Comment 19 Jan Bücken 2009-04-01 12:51:23 UTC
both still present with 2.6.29 (gentoo-sources)
Comment 20 Bob Copeland 2009-04-01 14:14:29 UTC
Please post the dmesg of the attempt to associate with AP.  

You can also try this patch in the meantime:

http://marc.info/?l=linux-wireless&m=123841474910111&w=2
Comment 21 Jan Bücken 2009-04-09 19:55:16 UTC
(In reply to comment #20)
> Please post the dmesg of the attempt to associate with AP.  

It shows nothing... (tested with gentoo-sources-2.6.29-r1, CONFIG_MAC80211_DEBUG_MENU and
CONFIG_MAC80211_VERBOSE_DEBUG turned on)

> 
> You can also try this patch in the meantime:
> 
> http://marc.info/?l=linux-wireless&m=123841474910111&w=2

I will do this next
Comment 22 Jan Bücken 2009-04-09 19:59:14 UTC
oh I forgot: only wpa_cli repeats "CTRL-EVENT-SCAN-RESULTS" regulary

Happy Easter!
Comment 23 Jan Bücken 2009-06-28 22:19:39 UTC
Today I installed gentoo on an old desktop system.
I have an external "Siemens Gigaset 54 Usb" adapter.

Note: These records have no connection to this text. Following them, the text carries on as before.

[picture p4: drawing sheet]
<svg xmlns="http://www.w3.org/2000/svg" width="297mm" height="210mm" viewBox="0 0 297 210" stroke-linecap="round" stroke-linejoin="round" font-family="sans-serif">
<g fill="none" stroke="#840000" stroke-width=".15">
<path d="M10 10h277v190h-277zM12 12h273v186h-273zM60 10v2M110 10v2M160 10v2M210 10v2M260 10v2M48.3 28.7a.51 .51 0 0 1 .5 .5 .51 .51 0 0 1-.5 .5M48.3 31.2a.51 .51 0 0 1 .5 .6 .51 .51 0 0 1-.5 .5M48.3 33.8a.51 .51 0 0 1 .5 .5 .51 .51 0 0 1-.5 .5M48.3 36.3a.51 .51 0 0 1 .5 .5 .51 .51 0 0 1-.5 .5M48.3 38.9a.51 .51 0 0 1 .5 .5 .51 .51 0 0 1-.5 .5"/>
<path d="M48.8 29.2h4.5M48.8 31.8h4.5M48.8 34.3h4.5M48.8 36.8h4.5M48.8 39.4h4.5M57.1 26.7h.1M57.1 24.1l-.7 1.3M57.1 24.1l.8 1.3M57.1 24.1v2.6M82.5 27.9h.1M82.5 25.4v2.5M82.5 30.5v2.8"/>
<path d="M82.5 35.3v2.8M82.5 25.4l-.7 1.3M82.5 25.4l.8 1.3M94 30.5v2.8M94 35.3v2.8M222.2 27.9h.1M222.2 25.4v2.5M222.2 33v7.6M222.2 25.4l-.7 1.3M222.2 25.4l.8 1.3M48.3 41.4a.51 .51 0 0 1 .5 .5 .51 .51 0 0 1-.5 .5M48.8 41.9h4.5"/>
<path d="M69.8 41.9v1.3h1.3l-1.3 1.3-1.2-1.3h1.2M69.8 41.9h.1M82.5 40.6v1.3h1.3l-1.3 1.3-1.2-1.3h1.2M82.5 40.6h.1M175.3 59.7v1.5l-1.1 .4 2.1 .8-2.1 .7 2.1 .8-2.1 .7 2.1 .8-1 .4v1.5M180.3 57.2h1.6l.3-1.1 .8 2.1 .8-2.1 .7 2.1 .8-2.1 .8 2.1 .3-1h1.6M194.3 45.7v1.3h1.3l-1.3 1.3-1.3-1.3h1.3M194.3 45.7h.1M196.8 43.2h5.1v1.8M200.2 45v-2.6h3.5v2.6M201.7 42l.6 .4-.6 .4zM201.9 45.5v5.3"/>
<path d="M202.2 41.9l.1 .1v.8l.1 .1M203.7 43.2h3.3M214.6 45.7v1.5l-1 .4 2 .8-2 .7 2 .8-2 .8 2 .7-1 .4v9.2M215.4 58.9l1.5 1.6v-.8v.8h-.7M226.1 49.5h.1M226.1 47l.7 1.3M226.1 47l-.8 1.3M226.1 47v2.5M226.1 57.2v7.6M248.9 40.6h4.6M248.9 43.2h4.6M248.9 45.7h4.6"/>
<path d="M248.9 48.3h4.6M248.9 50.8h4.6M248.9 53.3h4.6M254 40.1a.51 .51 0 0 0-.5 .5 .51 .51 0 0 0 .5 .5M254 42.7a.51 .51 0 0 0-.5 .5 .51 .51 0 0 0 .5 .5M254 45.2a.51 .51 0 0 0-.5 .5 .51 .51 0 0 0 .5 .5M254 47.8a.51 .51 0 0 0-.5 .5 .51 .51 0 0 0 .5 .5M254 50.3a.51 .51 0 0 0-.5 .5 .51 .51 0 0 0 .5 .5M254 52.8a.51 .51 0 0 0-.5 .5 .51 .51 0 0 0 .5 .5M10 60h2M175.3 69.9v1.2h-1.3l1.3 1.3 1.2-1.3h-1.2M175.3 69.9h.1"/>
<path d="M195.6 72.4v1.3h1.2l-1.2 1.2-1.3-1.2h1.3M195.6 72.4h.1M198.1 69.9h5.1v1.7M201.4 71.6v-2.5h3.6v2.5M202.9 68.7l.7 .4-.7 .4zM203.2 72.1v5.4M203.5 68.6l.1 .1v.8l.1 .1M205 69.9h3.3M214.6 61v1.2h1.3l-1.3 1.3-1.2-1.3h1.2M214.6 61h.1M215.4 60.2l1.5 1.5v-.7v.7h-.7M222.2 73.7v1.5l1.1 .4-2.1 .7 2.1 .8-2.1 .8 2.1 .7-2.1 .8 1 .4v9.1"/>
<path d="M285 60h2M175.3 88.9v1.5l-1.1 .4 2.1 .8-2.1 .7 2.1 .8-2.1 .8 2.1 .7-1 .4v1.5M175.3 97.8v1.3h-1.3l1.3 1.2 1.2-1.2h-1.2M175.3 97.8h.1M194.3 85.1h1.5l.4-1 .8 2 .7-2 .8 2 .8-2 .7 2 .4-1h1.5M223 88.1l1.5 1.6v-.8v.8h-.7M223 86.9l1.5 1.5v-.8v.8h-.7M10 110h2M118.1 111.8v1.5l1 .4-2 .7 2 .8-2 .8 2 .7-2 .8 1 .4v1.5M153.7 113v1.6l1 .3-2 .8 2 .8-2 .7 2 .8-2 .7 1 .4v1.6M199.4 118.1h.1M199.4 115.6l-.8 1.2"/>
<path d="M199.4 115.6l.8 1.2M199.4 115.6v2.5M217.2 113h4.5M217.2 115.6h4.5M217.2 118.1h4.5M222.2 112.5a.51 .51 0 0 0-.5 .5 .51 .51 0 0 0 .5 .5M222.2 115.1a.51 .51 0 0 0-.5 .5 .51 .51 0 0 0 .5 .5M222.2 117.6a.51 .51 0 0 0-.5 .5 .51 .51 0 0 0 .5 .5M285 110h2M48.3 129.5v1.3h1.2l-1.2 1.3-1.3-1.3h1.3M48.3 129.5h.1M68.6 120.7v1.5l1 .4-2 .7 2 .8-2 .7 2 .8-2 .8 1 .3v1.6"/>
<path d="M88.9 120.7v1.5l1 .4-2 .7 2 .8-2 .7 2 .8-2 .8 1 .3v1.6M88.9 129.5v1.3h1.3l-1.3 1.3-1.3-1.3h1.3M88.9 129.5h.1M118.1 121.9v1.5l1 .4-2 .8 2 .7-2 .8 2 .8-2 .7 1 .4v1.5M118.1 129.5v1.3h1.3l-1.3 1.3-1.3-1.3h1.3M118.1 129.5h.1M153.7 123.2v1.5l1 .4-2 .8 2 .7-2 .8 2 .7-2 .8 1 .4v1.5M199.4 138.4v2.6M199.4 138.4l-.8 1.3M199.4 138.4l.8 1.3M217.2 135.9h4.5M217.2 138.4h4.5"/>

I installed the 2.6.27-r8 and 2.6.29-r5 kernel (gentoo-sources).

And now an important new info: 
I thought this bug is a problem with the ath5k, but I have the same bug with the p54usb: It is all ok with the 2.6.27 but with 2.6.29 wpa-cli does not connect to the ap! (ap with WPA2).

My friend has a bcm4318 and uses the b43 - module. He is not affected by this bug.

Does ath5k and p54usb have any same dependecies / code they use, which does not has / is not used by the b43-module? Maybe we can narrow the regression / patch down, now.

I don't test this bug with 2.6.30 yet.
Comment 24 Jan Bücken 2009-07-03 20:46:25 UTC
(In reply to comment #23)

> I don't test this bug with 2.6.30 yet.

Test it. On both systems (with gentoo-sources-2.6.30-r1). It seems to be FIXED.